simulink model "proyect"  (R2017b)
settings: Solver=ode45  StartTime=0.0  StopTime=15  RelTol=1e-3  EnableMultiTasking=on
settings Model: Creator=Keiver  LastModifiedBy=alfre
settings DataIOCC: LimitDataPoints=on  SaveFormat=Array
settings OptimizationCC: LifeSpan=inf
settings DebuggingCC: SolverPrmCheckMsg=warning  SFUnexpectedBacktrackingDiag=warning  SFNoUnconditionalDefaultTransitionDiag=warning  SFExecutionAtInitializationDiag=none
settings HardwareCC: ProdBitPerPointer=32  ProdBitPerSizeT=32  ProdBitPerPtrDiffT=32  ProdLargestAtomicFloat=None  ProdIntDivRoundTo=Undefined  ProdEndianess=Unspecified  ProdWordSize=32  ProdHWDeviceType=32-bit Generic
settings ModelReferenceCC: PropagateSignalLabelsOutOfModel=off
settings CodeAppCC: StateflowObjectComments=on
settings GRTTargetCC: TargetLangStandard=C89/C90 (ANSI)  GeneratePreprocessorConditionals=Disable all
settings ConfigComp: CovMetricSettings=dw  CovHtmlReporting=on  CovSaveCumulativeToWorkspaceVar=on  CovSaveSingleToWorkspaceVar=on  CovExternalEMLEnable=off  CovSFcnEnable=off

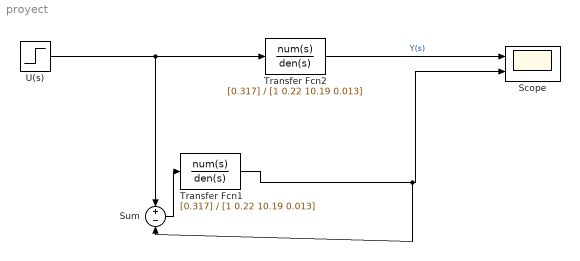
== system proyect ==
  Scope : Scope  NumInputPorts=2
  Sum : Sum  Inputs=+-
  Transfer Fcn1 : TransferFcn  Numerator=[0.317]  Denominator=[1 0.22 10.19 0.013]
  Transfer Fcn2 : TransferFcn  Numerator=[0.317]  Denominator=[1 0.22 10.19 0.013]
  U(s) : Step  Time=0  After=0.8  SampleTime=1
  wires:
  U(s)/1 -> Transfer Fcn2/1, Sum/1
  Transfer Fcn2/1 -> Scope/1  "Y(s)"
  Sum/1 -> Transfer Fcn1/1
  Transfer Fcn1/1 -> Sum/2, Scope/2

(AIM OF THE EXERCISE)
Please quote exactly the run of lines that starts the entries and ends at the line containing "Transfer Fcn1 : TransferFcn", leaving out every picture.

(RESULT OF THE TASK)
simulink model "proyect"  (R2017b)
settings: Solver=ode45  StartTime=0.0  StopTime=15  RelTol=1e-3  EnableMultiTasking=on
settings Model: Creator=Keiver  LastModifiedBy=alfre
settings DataIOCC: LimitDataPoints=on  SaveFormat=Array
settings OptimizationCC: LifeSpan=inf
settings DebuggingCC: SolverPrmCheckMsg=warning  SFUnexpectedBacktrackingDiag=warning  SFNoUnconditionalDefaultTransitionDiag=warning  SFExecutionAtInitializationDiag=none
settings HardwareCC: ProdBitPerPointer=32  ProdBitPerSizeT=32  ProdBitPerPtrDiffT=32  ProdLargestAtomicFloat=None  ProdIntDivRoundTo=Undefined  ProdEndianess=Unspecified  ProdWordSize=32  ProdHWDeviceType=32-bit Generic
settings ModelReferenceCC: PropagateSignalLabelsOutOfModel=off
settings CodeAppCC: StateflowObjectComments=on
settings GRTTargetCC: TargetLangStandard=C89/C90 (ANSI)  GeneratePreprocessorConditionals=Disable all
settings ConfigComp: CovMetricSettings=dw  CovHtmlReporting=on  CovSaveCumulativeToWorkspaceVar=on  CovSaveSingleToWorkspaceVar=on  CovExternalEMLEnable=off  CovSFcnEnable=off

== system proyect ==
  Scope : Scope  NumInputPorts=2
  Sum : Sum  Inputs=+-
  Transfer Fcn1 : TransferFcn  Numerator=[0.317]  Denominator=[1 0.22 10.19 0.013]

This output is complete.